In a Functional Integration lesson, a trained practitioner uses his or her hands to guide the movement of a single client, who may be sitting, lying or standing (fully clothed). The practitioner uses this "hands-on" technique to help the student experience the connections among various parts of the body (with or without movement). Through precision of touch and movement, the client learns how to eliminate excess effort and thus move more freely and easily. Lessons may be specific in addressing particular issues brought by the client, or can be more global in scope. Although the technique does not specifically aim to eliminate pain or "cure" physical complaints, such issues may inform the lesson. Issues such as chronic muscle pain may resolve themselves as the client may learn a more relaxed approach to his or her physical experience—a more integrated, free, and easy way to move.

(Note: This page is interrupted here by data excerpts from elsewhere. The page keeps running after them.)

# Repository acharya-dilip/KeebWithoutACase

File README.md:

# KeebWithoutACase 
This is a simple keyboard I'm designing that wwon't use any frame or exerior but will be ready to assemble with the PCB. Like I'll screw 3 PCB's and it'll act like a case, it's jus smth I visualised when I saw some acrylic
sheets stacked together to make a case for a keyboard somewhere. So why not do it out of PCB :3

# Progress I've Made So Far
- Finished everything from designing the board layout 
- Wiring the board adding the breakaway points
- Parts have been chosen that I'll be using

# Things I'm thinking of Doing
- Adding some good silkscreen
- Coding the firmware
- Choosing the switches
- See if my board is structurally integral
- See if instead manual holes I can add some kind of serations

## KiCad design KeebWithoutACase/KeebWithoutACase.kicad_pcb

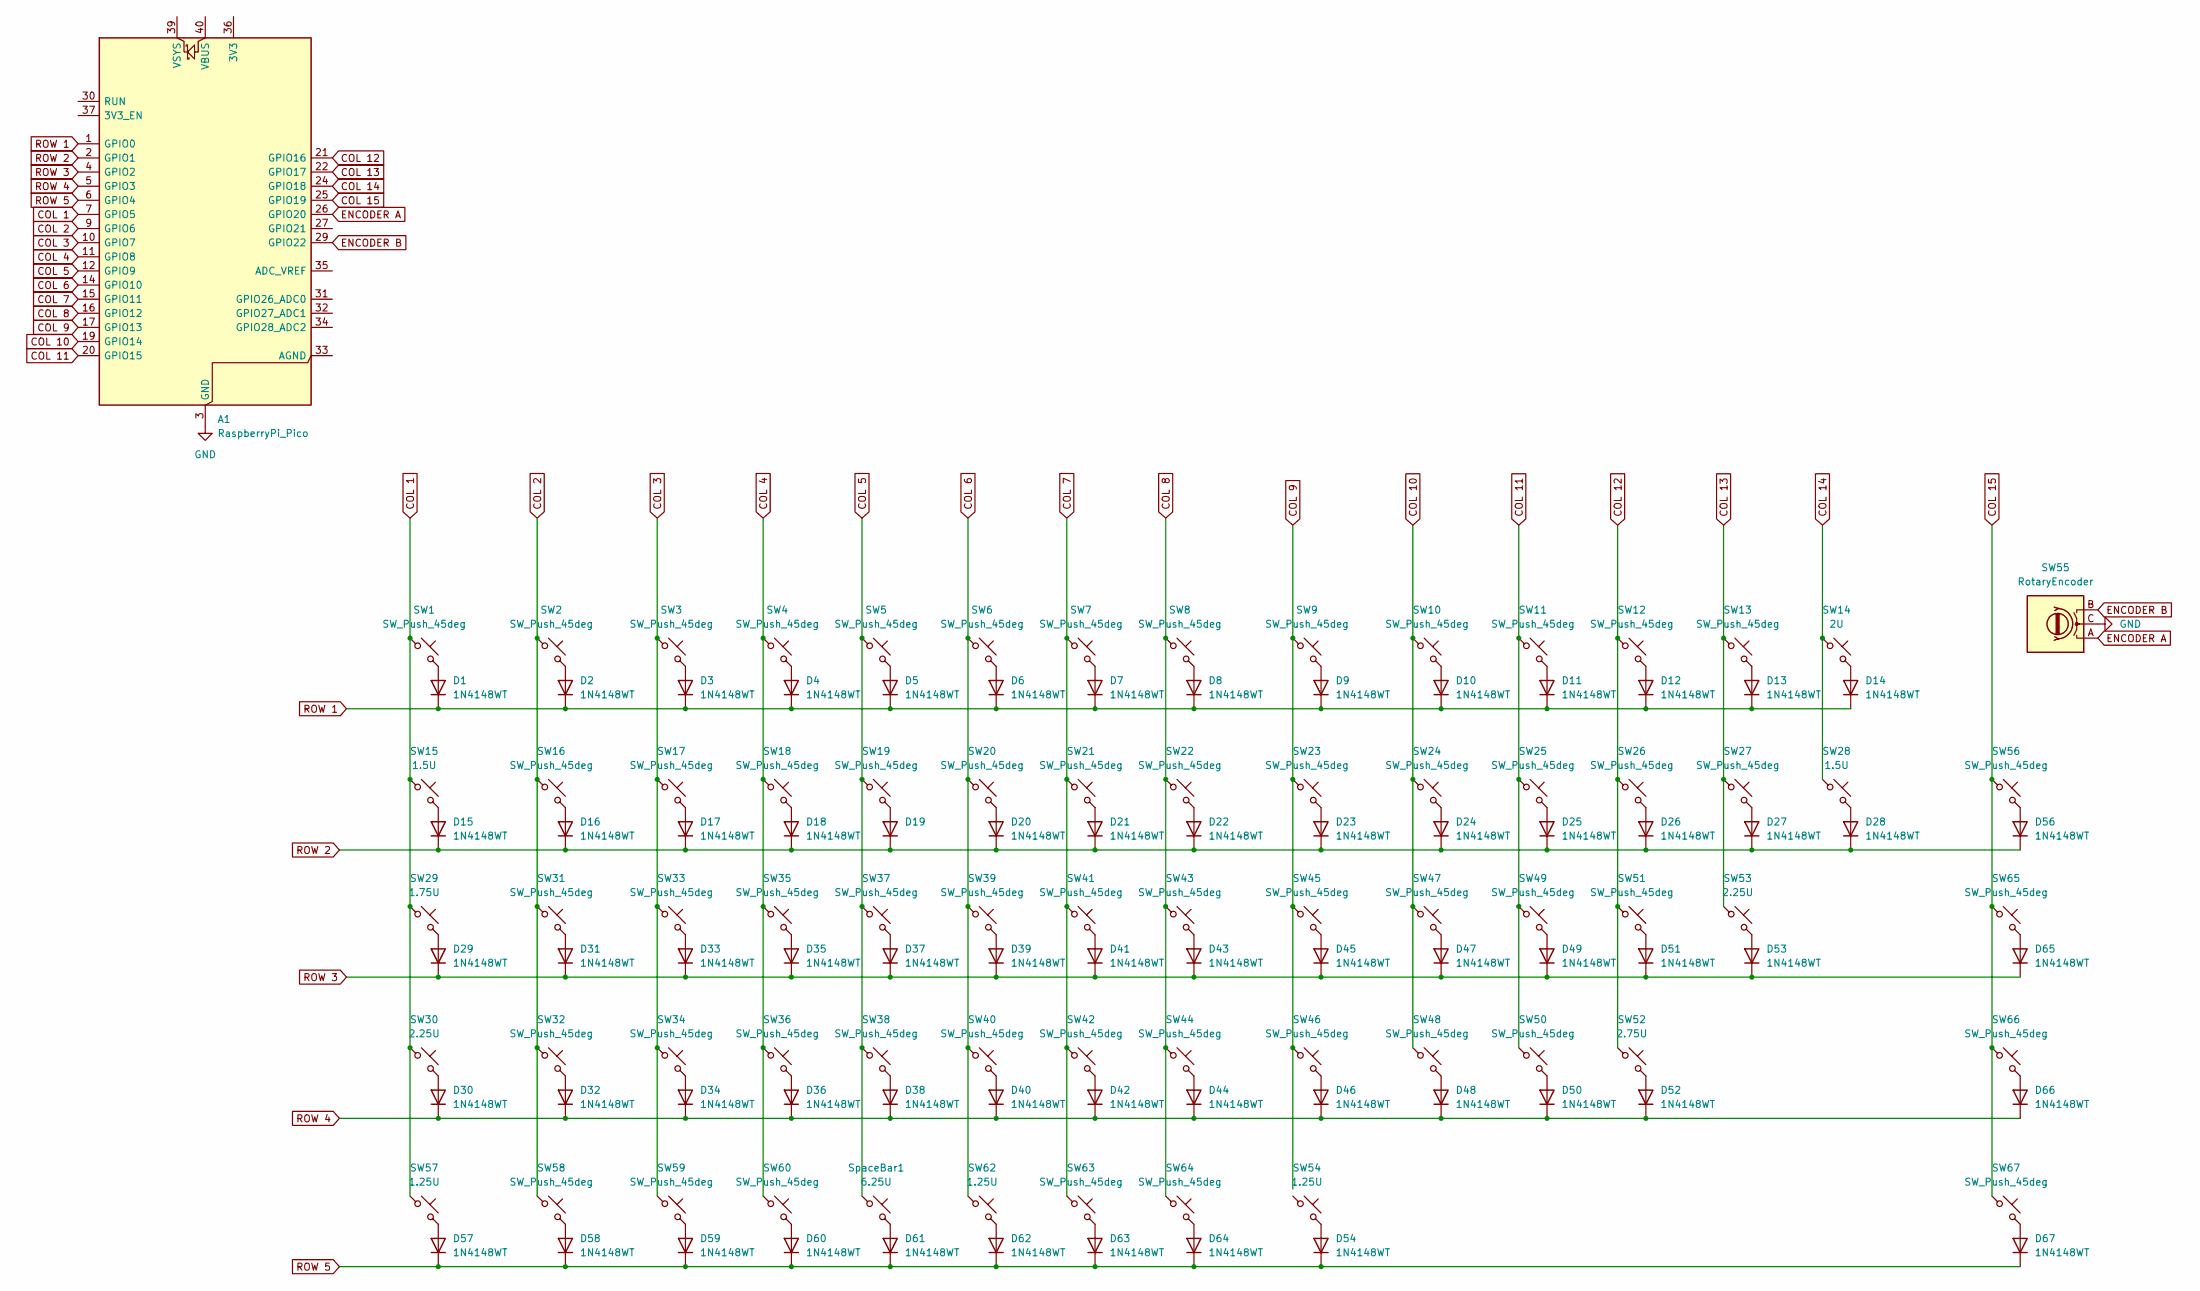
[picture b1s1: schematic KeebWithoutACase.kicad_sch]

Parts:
A1: RaspberryPi_Pico; RaspberryPi_Pico_Common_Unspecified
D1, D2, D3, D4, D5, D6, D7, D8, D9, D10, D11, D12, D13, D14, D15, D16, D17, D18, D20, D21, D22, D23, D24, D25, D26, D27, D28, D29, D30, D31, D32, D33, D34, D35, D36, D37, D38, D39, D40, D41, D42, D43, D44, D45, D46, D47, D48, D49, D50, D51, D52, D53, D54, D56, D57, D58, D59, D60, D61, D62, D63, D64, D65, D66, D67: 1N4148WT; D_DO-27_P15.24mm_Horizontal
D19: D_DO-27_P15.24mm_Horizontal
SW1, SW2, SW3, SW4, SW5, SW6, SW7, SW8, SW9, SW10, SW11, SW12, SW13, SW16, SW17, SW18, SW19, SW20, SW21, SW22, SW23, SW24, SW25, SW26, SW27, SW31, SW32, SW33, SW34, SW35, SW36, SW37, SW38, SW39, SW40, SW41, SW42, SW43, SW44, SW45, SW46, SW47, SW48, SW49, SW50, SW51, SW56, SW58, SW59, SW60, SW63, SW64, SW65, SW66, SW67: SW_Push_45deg; SW_Cherry_MX_1.00u_PCB
SW14: 2U; SW_Cherry_MX_2.00u_PCB
SW15, SW28: 1.5U; SW_Cherry_MX_1.50u_PCB
SW29: 1.75U; SW_Cherry_MX_1.75u_PCB
SW30, SW53: 2.25U; SW_Cherry_MX_2.25u_PCB
SW52: 2.75U; SW_Cherry_MX_2.75u_PCB
SW54, SW57, SW62: 1.25U; SW_Cherry_MX_1.25u_PCB
SW55: RotaryEncoder; RotaryEncoder_Alps_EC11E-Switch_Vertical_H20mm
SpaceBar1: 6.25U; SW_Cherry_MX_6.25u_PCB

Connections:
COL 1: A1.7 (GPIO5), SW1.1, SW15.1, SW29.1, SW30.1, SW57.1
COL 2: A1.9 (GPIO6), SW2.1, SW16.1, SW31.1, SW32.1, SW58.1
COL 3: A1.10 (GPIO7), SW3.1, SW17.1, SW33.1, SW34.1, SW59.1
COL 4: A1.11 (GPIO8), SW4.1, SW18.1, SW35.1, SW36.1, SW60.1
COL 5: A1.12 (GPIO9), SW5.1, SW19.1, SW37.1, SW38.1, SpaceBar1.1
COL 6: A1.14 (GPIO10), SW6.1, SW20.1, SW39.1, SW40.1, SW62.1
COL 7: A1.15 (GPIO11), SW7.1, SW21.1, SW41.1, SW42.1, SW63.1
COL 8: A1.16 (GPIO12), SW8.1, SW22.1, SW43.1, SW44.1, SW64.1
COL 9: A1.17 (GPIO13), SW9.1, SW23.1, SW45.1, SW46.1
COL 10: A1.19 (GPIO14), SW10.1, SW24.1, SW47.1, SW48.1
COL 11: A1.20 (GPIO15), SW11.1, SW25.1, SW49.1, SW50.1
COL 12: A1.21 (GPIO16), SW12.1, SW26.1, SW51.1, SW52.1
COL 13: A1.22 (GPIO17), SW13.1, SW27.1, SW53.1
COL 14: A1.24 (GPIO18), SW14.1, SW28.1
COL 15: A1.25 (GPIO19), SW56.1, SW65.1, SW66.1, SW67.1
ENCODER A: A1.26 (GPIO20), SW55.A
ENCODER B: A1.29 (GPIO22), SW55.B
GND: A1.3 (GND), A1.8 (GND), A1.13 (GND), A1.18 (GND), A1.23 (GND), A1.28 (GND), A1.38 (GND), SW55.C
unnamed: D1.2 (A), SW1.2
unnamed: D2.2 (A), SW2.2
unnamed: D3.2 (A), SW3.2
unnamed: D4.2 (A), SW4.2
unnamed: D5.2 (A), SW5.2
unnamed: D6.2 (A), SW6.2
unnamed: D7.2 (A), SW7.2
unnamed: D8.2 (A), SW8.2
unnamed: D9.2 (A), SW9.2
unnamed: D10.2 (A), SW10.2
unnamed: D11.2 (A), SW11.2
unnamed: D12.2 (A), SW12.2
unnamed: D13.2 (A), SW13.2
unnamed: D14.2 (A), SW14.2
unnamed: D15.2 (A), SW15.2
unnamed: D16.2 (A), SW16.2
unnamed: D17.2 (A), SW17.2
unnamed: D18.2 (A), SW18.2
unnamed: D19.2 (A), SW19.2
unnamed: D20.2 (A), SW20.2
unnamed: D21.2 (A), SW21.2
unnamed: D22.2 (A), SW22.2
unnamed: D23.2 (A), SW23.2
unnamed: D24.2 (A), SW24.2
unnamed: D25.2 (A), SW25.2
unnamed: D26.2 (A), SW26.2
unnamed: D27.2 (A), SW27.2
unnamed: D28.2 (A), SW28.2
unnamed: D29.2 (A), SW29.2
unnamed: D30.2 (A), SW30.2
unnamed: D31.2 (A), SW31.2
unnamed: D32.2 (A), SW32.2
unnamed: D33.2 (A), SW33.2
unnamed: D34.2 (A), SW34.2
unnamed: D35.2 (A), SW35.2
unnamed: D36.2 (A), SW36.2
unnamed: D37.2 (A), SW37.2
unnamed: D38.2 (A), SW38.2
unnamed: D39.2 (A), SW39.2
unnamed: D40.2 (A), SW40.2
unnamed: D41.2 (A), SW41.2
unnamed: D42.2 (A), SW42.2
unnamed: D43.2 (A), SW43.2
unnamed: D44.2 (A), SW44.2
unnamed: D45.2 (A), SW45.2
unnamed: D46.2 (A), SW46.2
unnamed: D47.2 (A), SW47.2
unnamed: D48.2 (A), SW48.2
unnamed: D49.2 (A), SW49.2
unnamed: D50.2 (A), SW50.2
unnamed: D51.2 (A), SW51.2
unnamed: D52.2 (A), SW52.2
unnamed: D53.2 (A), SW53.2
unnamed: D54.2 (A), SW54.2
unnamed: D56.2 (A), SW56.2
unnamed: D57.2 (A), SW57.2
unnamed: D58.2 (A), SW58.2
unnamed: D59.2 (A), SW59.2
unnamed: D60.2 (A), SW60.2
unnamed: D61.2 (A), SpaceBar1.2
unnamed: D62.2 (A), SW62.2
unnamed: D63.2 (A), SW63.2
unnamed: D64.2 (A), SW64.2
unnamed: D65.2 (A), SW65.2
unnamed: D66.2 (A), SW66.2
unnamed: D67.2 (A), SW67.2
ROW 1: A1.1 (GPIO0), D1.1 (K), D2.1 (K), D3.1 (K), D4.1 (K), D5.1 (K), D6.1 (K), D7.1 (K), D8.1 (K), D9.1 (K), D10.1 (K), D11.1 (K), D12.1 (K), D13.1 (K), D14.1 (K)
ROW 2: A1.2 (GPIO1), D15.1 (K), D16.1 (K), D17.1 (K), D18.1 (K), D19.1 (K), D20.1 (K), D21.1 (K), D22.1 (K), D23.1 (K), D24.1 (K), D25.1 (K), D26.1 (K), D27.1 (K), D28.1 (K), D56.1 (K)
ROW 3: A1.4 (GPIO2), D29.1 (K), D31.1 (K), D33.1 (K), D35.1 (K), D37.1 (K), D39.1 (K), D41.1 (K), D43.1 (K), D45.1 (K), D47.1 (K), D49.1 (K), D51.1 (K), D53.1 (K), D65.1 (K)
ROW 4: A1.5 (GPIO3), D30.1 (K), D32.1 (K), D34.1 (K), D36.1 (K), D38.1 (K), D40.1 (K), D42.1 (K), D44.1 (K), D46.1 (K), D48.1 (K), D50.1 (K), D52.1 (K), D66.1 (K)
ROW 5: A1.6 (GPIO4), D54.1 (K), D57.1 (K), D58.1 (K), D59.1 (K), D60.1 (K), D61.1 (K), D62.1 (K), D63.1 (K), D64.1 (K), D67.1 (K)

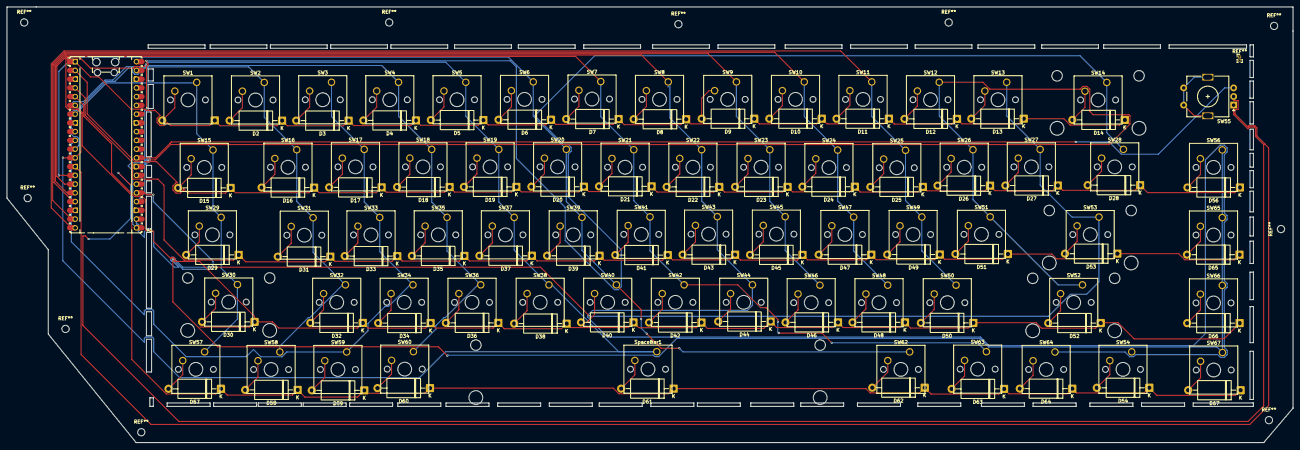
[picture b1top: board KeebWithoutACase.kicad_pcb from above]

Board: 2 copper layers, 373.5 x 126.5 mm, 134 parts (1 on the bottom side), 89 nets.

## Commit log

2026-01-12 finalised and added the keyboard layout to the repo
2026-01-12 added the json file for the keyboard layout to the repo
2026-01-12 completed the first row of switches and diodes
2026-01-12 layed out the switches and diodes for the 2nd and third row
2026-01-12 added the switches and diodes for the final layer
2026-01-12 arranged the keyswitch modules in a way easieer to wire
2026-01-12 wired the matrix for the switches
2026-01-12 added the labels for the 4 rows of the keyboard
2026-01-12 labeled all the columns for the keyboard
2026-01-12 updated the layout and the .json file because silly me forogor to add an entire freakin row of keyboard to the keyboard
2026-01-12 updated the schematic of the pcb to include the missing row
2026-01-12 changed the keyboard layout once again to have 4 media buttons for misc stuff and space for a knob for volume control
2026-01-12 updated the schem to incorporate those extra 4 keys
2026-01-12 added a potentiometer for the volume
2026-01-14 changed the keyboard layout once again and increased some keycaps size to fit the standaard for keycaps size for 60% keyboard
2026-01-14 assigned all the diode footprint and maximum footpprints for the siwtches
2026-01-14 replaced the potentiometer with a rotary encoder and fixed all the footprints for the diodes to be compatible with the ones available near me
2026-01-14 added a placeholder footprint for the rotary encoder
2026-01-14 adjustedd the footprint to match the size of the cherry keys in the schem
2026-01-14 started on the schem
2026-01-15 wired the keeb matrix onto an mcu in the schematic
2026-01-15 completed the first row of keys
2026-01-15 this time completed the first row with the correct keys
2026-01-15 Row 2 complete
2026-01-15 Row 2 complete but i forogt to commit
2026-01-15 completed arranging the third row
2026-01-15 Finished the final forkin row!!!
2026-01-15 finished the media column
2026-01-15 added the diodes for the first row
2026-01-15 added all the diodes fr the 2nd row
2026-01-15 placed rest of the diodes
2026-01-15 unlocekd all the kys for wiring
2026-01-15 wired the switches with their respective diodes
2026-01-15 fixed the schm col1 bleeding
2026-01-15 fixed wiring the switch matrix
2026-01-15 wired all the stuff to the mcu and completed the wiring of the pcb for the keyboard
2026-01-15 wired the pcb cut the edges added serations ettc etc

Several scientific studies have been performed to investigate the effect of Feldenkrais treatments. In 1999, a randomized controlled trial investigated whether physiotherapy or Feldenkrais interventions would reduce the complaints from neck and shoulder pain and disability. The participants were randomly assigned to 1) physiotherapy treatment, 2) the Feldenkrais program, or 3) a control group. The physiotherapy and Feldenkrais interventions were given over 16 weeks of paid work. The Feldenkrais group showed significant decreases in complaints from neck and shoulders and in disability during leisure time. The two other groups showed no change in complaints (Physiotherapy group) or worsening of complaints (Control group).[4] In 2004, a preliminary study was undertaken to determine both the efficacy and cost effectiveness of the Feldenkrais Method for treatment of Medicaid recipients with Chronic pain. This preliminary inquiry represents an uncontrolled, unblended investigation, but the results were promising. Cost effectiveness patient costs dropped from an average of $141 per month to $82 per month, a 40% saving.[5]
According to Norman Doidge, current research on neuroplasticity, by scientists such as Doidge and Michael Merzenich, may support Feldenkrais' key theories of somatic re-education.[6]
Feldenkrais practitioners complete 740–800 hours of training over a 3 to 4 year period. Feldenkrais practitioners are licensed by a Feldenkrais guild, and each guild maintains lists of practitioners.[7]